Ende des Zweiten Weltkriegs «Wir sind nicht allein» – Deutschland feiert die Befreiung

dpa/tafi

8.5.2020

Lange sahen die Deutschen den 8. Mai 1945 als Tag der Niederlage. Doch 1985 stellte der damalige Bundespräsident von Weizsäcker klar: Es war ein Tag der Befreiung. Für Deutschland ist der 75. Jahrestag des Endes des Zweiten Weltkrieges ungewöhnlich.

Deutschland gedenkt an diesem Freitag des Endes des Zweiten Weltkriegs und der Befreiung vom Nationalsozialismus vor 75 Jahren. In Berlin, wo der Tag heute einmalig ein gesetzlicher Feiertag ist, würdigen die Spitzen der deutschen Verfassungsorgane den 8. Mai als Tag der Befreiung.

Am Ende wird es ein fast schon einsames Gedenken der fünf höchsten Repräsentanten des deutschen Staates. Deutschland müsse an diesem Tag allein gedenken, sagt Steinmeier später. «Aber: Wir sind nicht allein! Das ist die glückliche Botschaft des heutigen Tages!»



Um 12 Uhr fahren die gepanzerten Wagen vor der Neuen Wache am Boulevard Unter den Linden in Berlin vor. Die zentrale Gedenkstätte der Bundesrepublik für die Opfer von Krieg und Gewaltherrschaft ist weiträumig abgesperrt. Kein anderes Auto ist auf der sonst stark befahrenen Strasse unterwegs, kein Fussgänger ist zu sehen. 

«Man kann dieses Land nur mit gebrochenem Herzen lieben»

Steinmeier betritt den Innenraum als Letzter. Ein kurzes Zunicken – mehr geht nicht in den Zeiten von Corona. Vor der Plastik «Mutter mit totem Sohn» von Käthe Kollwitz liegen bereits fünf Kränze. Die fünf Vertreter des Staates richten die schwarz-rot-goldenen Schleifen, verharren in Stille, der Trompeter Lorenz Jansky spielt «Der gute Kamerad».
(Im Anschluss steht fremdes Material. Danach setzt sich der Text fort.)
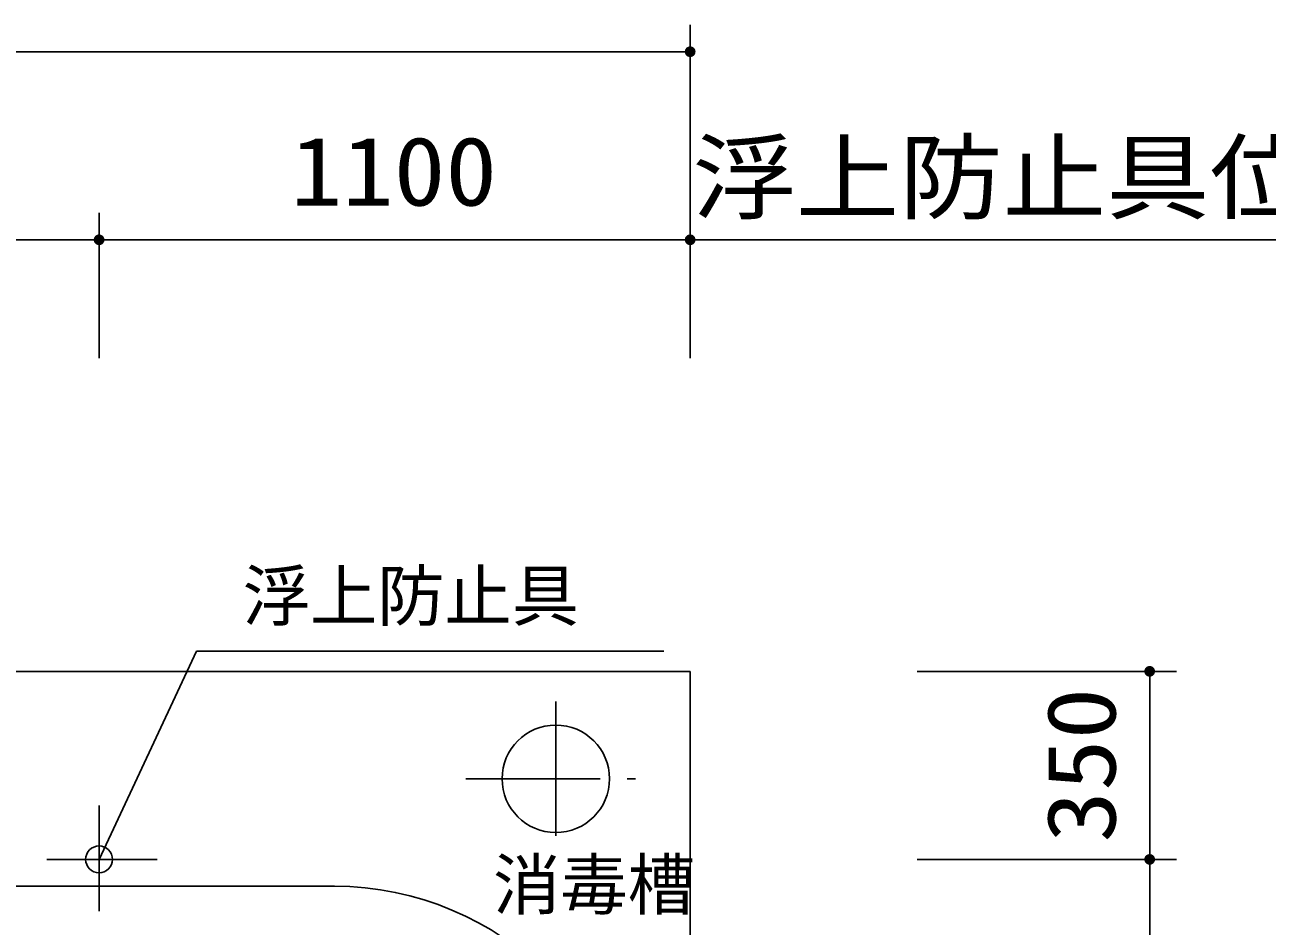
# Model space of a CAD drawing. Units: millimetres, scale not verified. Extents: x -14850 to 14850, y -10500 to 10500.
# Drawn here: x -8144 to -5832, y 1823 to 3500 of the extents above; entities that cross this region are included whole.
import ezdxf
from ezdxf.enums import TextEntityAlignment as Align

# ---------------------------------------------------------------- set-up
doc = ezdxf.new("R2010")
doc.units = ezdxf.units.MM
doc.header["$LTSCALE"] = 50
doc.linetypes.add('CHAIN1', pattern=[8, 5, -1, 1, -1])
for name, color, linetype, lineweight in [('0-1_機器', 2, 'Continuous', 25), ('0-2_空気管', 3, 'Continuous', 25), ('0-5_製作', 5, 'Continuous', 25), ('0-6_文字', 5, 'Continuous', 25)]:
    doc.layers.add(name, color=color, linetype=linetype, lineweight=lineweight)
doc.styles.add('ＭＳ ゴシック', font='')
doc.styles.get('ＭＳ ゴシック').set_extended_font_data('MS Gothic')

msp = doc.modelspace()

# ---------------------------------------------------------------- linework, layer by layer
at = {"layer": '0-1_機器'}
for p in [(-9905.83, 2297.05), (-6905.83, -202.95)]:
    msp.add_line(p, (-6905.83, 2297.05), dxfattribs=at)
at = {"layer": '0-1_機器', "linetype": 'CHAIN1'}
for p, q in [((-7155.84, 2241.01), (-7155.84, 1942.17)), ((-7323.1, 2097.06), (-7007.58, 2097.06))]:
    msp.add_line(p, q, dxfattribs=at)
at = {"layer": '0-1_機器'}
msp.add_circle((-7155.84, 2097.06), 100, dxfattribs=at)
at = {"layer": '0-2_空気管'}
msp.add_line((-9336.74, 1897.05), (-7567.84, 1897.05), dxfattribs=at)
msp.add_arc((-7567.84, 1335.06), 562, 0, 90, dxfattribs=at)
at = {"layer": '0-5_製作', "color": 2}
for p, q in [((-6905.83, 3500.21), (-6905.83, 2879.71)), ((-9905.83, 3450.21), (-6905.83, 3450.21)), ((-8005.83, 3150.21), (-8005.83, 2879.71)), ((-8755.83, 3100.21), (-8005.83, 3100.21)), ((-8005.83, 3100.21), (-6905.83, 3100.21)), ((-6905.83, 3100.21), (-5547.38, 3100.21)), ((-6000.63, 2297.05), (-6483.62, 2297.05)), ((-6050.63, 2297.05), (-6050.63, 1947.06)), ((-6000.63, 1947.06), (-6483.62, 1947.06)), ((-6050.63, 1947.06), (-6050.63, 147.06))]:
    msp.add_line(p, q, dxfattribs=at)
at = {"layer": '0-5_製作'}
for points in [[(-6911.71, 3458.3), (-6915.83, 3450.21), (-6915.82, 3450.84)], [(-6911.71, 3458.3), (-6905.83, 3450.21), (-6915.83, 3450.21)], [(-6905.83, 3450.21), (-6915.76, 3448.96), (-6915.83, 3450.21)], [(-6911.71, 3458.3), (-6915.82, 3450.84), (-6912.68, 3457.5)], [(-6912.68, 3457.5), (-6915.82, 3450.84), (-6915.66, 3452.09)], [(-6905.83, 3450.21), (-6915.52, 3447.73), (-6915.76, 3448.96)], [(-6912.68, 3457.5), (-6915.66, 3452.09), (-6913.54, 3456.59)], [(-6913.54, 3456.59), (-6915.66, 3452.09), (-6915.35, 3453.3)], [(-6905.83, 3450.21), (-6915.13, 3446.53), (-6915.52, 3447.73)], [(-6913.54, 3456.59), (-6915.35, 3453.3), (-6914.28, 3455.57)], [(-6914.28, 3455.57), (-6915.35, 3453.3), (-6914.88, 3454.47)], [(-6905.83, 3450.21), (-6914.6, 3445.4), (-6915.13, 3446.53)], [(-6905.83, 3450.21), (-6913.92, 3444.34), (-6914.6, 3445.4)], [(-6905.83, 3450.21), (-6913.12, 3443.37), (-6913.92, 3444.34)], [(-6905.83, 3450.21), (-6912.21, 3442.51), (-6913.12, 3443.37)], [(-6905.83, 3450.21), (-6911.19, 3441.77), (-6912.21, 3442.51)], [(-6910.65, 3458.98), (-6905.83, 3450.21), (-6911.71, 3458.3)], [(-6905.83, 3450.21), (-6910.09, 3441.17), (-6911.19, 3441.77)], [(-6909.52, 3459.51), (-6905.83, 3450.21), (-6910.65, 3458.98)], [(-6905.83, 3440.21), (-6910.09, 3441.17), (-6905.83, 3450.21)], [(-6908.32, 3459.9), (-6905.83, 3450.21), (-6909.52, 3459.51)], [(-6907.09, 3460.14), (-6905.83, 3450.21), (-6908.32, 3459.9)], [(-6905.83, 3460.21), (-6905.83, 3450.21), (-6907.09, 3460.14)], [(-6905.21, 3460.19), (-6905.83, 3450.21), (-6905.83, 3460.21)], [(-6903.96, 3460.04), (-6905.83, 3450.21), (-6905.21, 3460.19)], [(-6902.74, 3459.73), (-6905.83, 3450.21), (-6903.96, 3460.04)], [(-6901.58, 3459.26), (-6905.83, 3450.21), (-6902.74, 3459.73)], [(-6900.48, 3458.66), (-6905.83, 3450.21), (-6901.58, 3459.26)], [(-6900.48, 3458.66), (-6895.83, 3450.21), (-6905.83, 3450.21)], [(-6895.83, 3450.21), (-6905.83, 3440.21), (-6905.83, 3450.21)], [(-6895.83, 3450.21), (-6904.58, 3440.29), (-6905.83, 3440.21)], [(-6895.83, 3450.21), (-6903.35, 3440.53), (-6904.58, 3440.29)], [(-6895.83, 3450.21), (-6902.15, 3440.92), (-6903.35, 3440.53)], [(-6895.83, 3450.21), (-6901.02, 3441.45), (-6902.15, 3440.92)], [(-6895.83, 3450.21), (-6899.96, 3442.12), (-6901.02, 3441.45)], [(-6899.46, 3457.92), (-6895.83, 3450.21), (-6900.48, 3458.66)], [(-6895.83, 3450.21), (-6898.99, 3442.92), (-6899.96, 3442.12)], [(-6898.55, 3457.06), (-6895.83, 3450.21), (-6899.46, 3457.92)], [(-6895.85, 3449.59), (-6898.99, 3442.92), (-6895.83, 3450.21)], [(-6896.01, 3448.34), (-6898.99, 3442.92), (-6895.85, 3449.59)], [(-6896.01, 3448.34), (-6898.13, 3443.84), (-6898.99, 3442.92)], [(-6897.74, 3456.09), (-6895.83, 3450.21), (-6898.55, 3457.06)], [(-6896.32, 3447.12), (-6898.13, 3443.84), (-6896.01, 3448.34)], [(-6896.32, 3447.12), (-6897.39, 3444.86), (-6898.13, 3443.84)], [(-6897.07, 3455.03), (-6895.83, 3450.21), (-6897.74, 3456.09)], [(-6896.79, 3445.96), (-6897.39, 3444.86), (-6896.32, 3447.12)], [(-6896.54, 3453.9), (-6895.83, 3450.21), (-6897.07, 3455.03)], [(-6896.15, 3452.7), (-6895.83, 3450.21), (-6896.54, 3453.9)], [(-6895.91, 3451.47), (-6895.83, 3450.21), (-6896.15, 3452.7)], [(-6905.83, 3440.21), (-6908.92, 3440.7), (-6910.09, 3441.17)], [(-6905.83, 3440.21), (-6907.71, 3440.39), (-6908.92, 3440.7)], [(-6905.83, 3440.21), (-6906.46, 3440.23), (-6907.71, 3440.39)], [(-8012.68, 3107.5), (-8015.83, 3100.21), (-8013.54, 3106.59)], [(-8012.68, 3107.5), (-8005.83, 3100.21), (-8015.83, 3100.21)], [(-8013.54, 3106.59), (-8015.83, 3100.21), (-8015.81, 3100.84)], [(-8005.83, 3100.21), (-8015.76, 3098.96), (-8015.83, 3100.21)], [(-8013.54, 3106.59), (-8015.81, 3100.84), (-8014.28, 3105.57)], [(-8014.28, 3105.57), (-8015.81, 3100.84), (-8015.66, 3102.09)], [(-8005.83, 3100.21), (-8015.52, 3097.73), (-8015.76, 3098.96)], [(-8014.28, 3105.57), (-8015.66, 3102.09), (-8014.88, 3104.47)], [(-8014.88, 3104.47), (-8015.66, 3102.09), (-8015.35, 3103.3)], [(-8005.83, 3100.21), (-8015.13, 3096.53), (-8015.52, 3097.73)], [(-8005.83, 3100.21), (-8014.6, 3095.4), (-8015.13, 3096.53)], [(-8005.83, 3100.21), (-8013.92, 3094.34), (-8014.6, 3095.4)], [(-8005.83, 3100.21), (-8013.12, 3093.37), (-8013.92, 3094.34)], [(-8005.83, 3100.21), (-8012.21, 3092.51), (-8013.12, 3093.37)], [(-8011.71, 3108.3), (-8005.83, 3100.21), (-8012.68, 3107.5)], [(-8005.83, 3100.21), (-8011.19, 3091.77), (-8012.21, 3092.51)], [(-8010.65, 3108.98), (-8005.83, 3100.21), (-8011.71, 3108.3)], [(-8005.83, 3100.21), (-8010.09, 3091.17), (-8011.19, 3091.77)], [(-8009.52, 3109.51), (-8005.83, 3100.21), (-8010.65, 3108.98)], [(-8005.83, 3100.21), (-8008.92, 3090.7), (-8010.09, 3091.17)], [(-8008.32, 3109.9), (-8005.83, 3100.21), (-8009.52, 3109.51)], [(-8005.83, 3090.21), (-8008.92, 3090.7), (-8005.83, 3100.21)], [(-8007.09, 3110.14), (-8005.83, 3100.21), (-8008.32, 3109.9)], [(-8005.83, 3110.21), (-8005.83, 3100.21), (-8007.09, 3110.14)], [(-8005.21, 3110.19), (-8005.83, 3100.21), (-8005.83, 3110.21)], [(-8003.96, 3110.04), (-8005.83, 3100.21), (-8005.21, 3110.19)], [(-8002.74, 3109.73), (-8005.83, 3100.21), (-8003.96, 3110.04)], [(-8001.58, 3109.26), (-8005.83, 3100.21), (-8002.74, 3109.73)], [(-8001.58, 3109.26), (-7995.83, 3100.21), (-8005.83, 3100.21)], [(-7995.83, 3100.21), (-8005.83, 3090.21), (-8005.83, 3100.21)], [(-7995.83, 3100.21), (-8004.58, 3090.29), (-8005.83, 3090.21)], [(-7995.83, 3100.21), (-8003.35, 3090.53), (-8004.58, 3090.29)], [(-7995.83, 3100.21), (-8002.15, 3090.92), (-8003.35, 3090.53)], [(-7995.83, 3100.21), (-8001.02, 3091.45), (-8002.15, 3090.92)], [(-8000.48, 3108.66), (-7995.83, 3100.21), (-8001.58, 3109.26)], [(-7995.83, 3100.21), (-7999.96, 3092.12), (-8001.02, 3091.45)], [(-7999.46, 3107.92), (-7995.83, 3100.21), (-8000.48, 3108.66)], [(-7995.83, 3100.21), (-7998.99, 3092.92), (-7999.96, 3092.12)], [(-7998.54, 3107.06), (-7995.83, 3100.21), (-7999.46, 3107.92)], [(-7995.83, 3100.21), (-7998.13, 3093.84), (-7998.99, 3092.92)], [(-7997.74, 3106.09), (-7995.83, 3100.21), (-7998.54, 3107.06)], [(-7995.85, 3099.59), (-7998.13, 3093.84), (-7995.83, 3100.21)], [(-7995.85, 3099.59), (-7997.39, 3094.86), (-7998.13, 3093.84)], [(-7997.07, 3105.03), (-7995.83, 3100.21), (-7997.74, 3106.09)], [(-7996.01, 3098.34), (-7997.39, 3094.86), (-7995.85, 3099.59)], [(-7996.01, 3098.34), (-7996.79, 3095.96), (-7997.39, 3094.86)], [(-7996.54, 3103.9), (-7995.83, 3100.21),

Auf dem menschenleeren Platz davor steht das Rednerpult mit Bundesadler, an das Steinmeier schliesslich tritt – Bundeskanzlerin Angela Merkel sowie die Präsidenten von Bundestag, Bundesrat und Bundesverfassungsgericht mit Sicherheitsabstand zu seiner Linken und Rechten.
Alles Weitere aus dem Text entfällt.